▸ **AIM OF THE TASK**: Pictures aside, write out the data exactly as it reads.

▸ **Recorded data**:
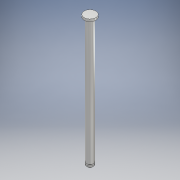
# Autodesk Inventor part: naprava
Saved by Autodesk Inventor 2018 (Build 220112000, 112)
## iProperties
Created: 2023-12-05
Part Number: naprava
Material: Všeobecné
Document SubType Name: Modeling
Designer: 42073
Density: 1 g/cm^3
Appearance: Hliník – leštěný
Author: 42073
Autodesk Inventor part; units mm, degrees
ref_plane "YZ Plane" through (0, 0, 0) normal (1, 0, 0) x (0, 1, 0)
ref_plane "XZ Plane" through (0, 0, 0) normal (0, 1, 0) x (-1, 0, 0)
ref_plane "XY Plane" through (0, 0, 0) normal (0, 0, 1) x (1, 0, 0)
sketch "Náčrt1" plane through (0, 0, 0) normal (0, 0, 1) x (1, 0, 0)
  circle A0 centre (0, 0) radius 1.5
  dimension "d0" = 3
  constraints: 1 centre point, 1 coincident
  measures "d0" diameter of A0
extrude "Vysunutí1" add sketch "Náčrt1" along normal blind 55.5
sketch "Náčrt2" plane through (0, 0, 55.5) normal (0, 0, 1) x (1, 0, 0)
  circle A0 centre (0, 0) radius 2.5
  dimension "d3" = 5
  constraints: 1 centre point, 1 coincident
  measures "d3" diameter of A0
extrude "Vysunutí2" add sketch "Náčrt2" along normal blind 1
sketch "Náčrt3" plane through (0, 0, 0) normal (0, 1, 0) x (-1, 0, 0)
  line L0 (-1.5, 0) -> (1.5, 0) projected
  line L1 (-1.5, 1) -> (-1, 1)
  line L2 (-1, 1) -> (-1, 1.5)
  line L3 (-1, 1.5) -> (-1.5, 1.5)
  line L4 (-1.5, 1.5) -> (-1.5, 1)
  point P0 (0, 0)
  dimension "d8" = 0.5
  dimension "d9" = 0.5
  dimension "d10" = 0.5
  constraints: 8 end point, 1 horizontal, 1 perpendicular
  measures "d8" distance of L1.start L1.end
  measures "d9" distance of L1.end L2.end
  measures "d10" distance of L2.end L3.end
sketch3d "3D náčrt1"
  arc A0 (1.5, 0, 0) -> (0, -1.5, 0) centre (0, 0, 0) ccw
  arc A1 (0, -1.5, 0) -> (-1.5, 0, 0) centre (0, 0, 0) ccw
  arc A2 (-1.5, 0, 0) -> (0, 1.5, 0) centre (0, 0, 0) ccw
  arc A3 (0, 1.5, 0) -> (1.5, 0, 0) centre (0, 0, 0) ccw
sweep "Tažení1" cut profiles "Náčrt3" path "3D náčrt1"
chamfer "Zkosení1" distance 0.5 angle 45 1 edges at (-1.5, 0, 0)

▸ **EXPECTED OUTPUT**:
# Autodesk Inventor part: naprava
Saved by Autodesk Inventor 2018 (Build 220112000, 112)
## iProperties
Created: 2023-12-05
Part Number: naprava
Material: Všeobecné
Document SubType Name: Modeling
Designer: 42073
Density: 1 g/cm^3
Appearance: Hliník – leštěný
Author: 42073
Autodesk Inventor part; units mm, degrees
ref_plane "YZ Plane" through (0, 0, 0) normal (1, 0, 0) x (0, 1, 0)
ref_plane "XZ Plane" through (0, 0, 0) normal (0, 1, 0) x (-1, 0, 0)
ref_plane "XY Plane" through (0, 0, 0) normal (0, 0, 1) x (1, 0, 0)
sketch "Náčrt1" plane through (0, 0, 0) normal (0, 0, 1) x (1, 0, 0)
  circle A0 centre (0, 0) radius 1.5
  dimension "d0" = 3
  constraints: 1 centre point, 1 coincident
  measures "d0" diameter of A0
extrude "Vysunutí1" add sketch "Náčrt1" along normal blind 55.5
sketch "Náčrt2" plane through (0, 0, 55.5) normal (0, 0, 1) x (1, 0, 0)
  circle A0 centre (0, 0) radius 2.5
  dimension "d3" = 5
  constraints: 1 centre point, 1 coincident
  measures "d3" diameter of A0
extrude "Vysunutí2" add sketch "Náčrt2" along normal blind 1
sketch "Náčrt3" plane through (0, 0, 0) normal (0, 1, 0) x (-1, 0, 0)
  line L0 (-1.5, 0) -> (1.5, 0) projected
  line L1 (-1.5, 1) -> (-1, 1)
  line L2 (-1, 1) -> (-1, 1.5)
  line L3 (-1, 1.5) -> (-1.5, 1.5)
  line L4 (-1.5, 1.5) -> (-1.5, 1)
  point P0 (0, 0)
  dimension "d8" = 0.5
  dimension "d9" = 0.5
  dimension "d10" = 0.5
  constraints: 8 end point, 1 horizontal, 1 perpendicular
  measures "d8" distance of L1.start L1.end
  measures "d9" distance of L1.end L2.end
  measures "d10" distance of L2.end L3.end
sketch3d "3D náčrt1"
  arc A0 (1.5, 0, 0) -> (0, -1.5, 0) centre (0, 0, 0) ccw
  arc A1 (0, -1.5, 0) -> (-1.5, 0, 0) centre (0, 0, 0) ccw
  arc A2 (-1.5, 0, 0) -> (0, 1.5, 0) centre (0, 0, 0) ccw
  arc A3 (0, 1.5, 0) -> (1.5, 0, 0) centre (0, 0, 0) ccw
sweep "Tažení1" cut profiles "Náčrt3" path "3D náčrt1"
chamfer "Zkosení1" distance 0.5 angle 45 1 edges at (-1.5, 0, 0)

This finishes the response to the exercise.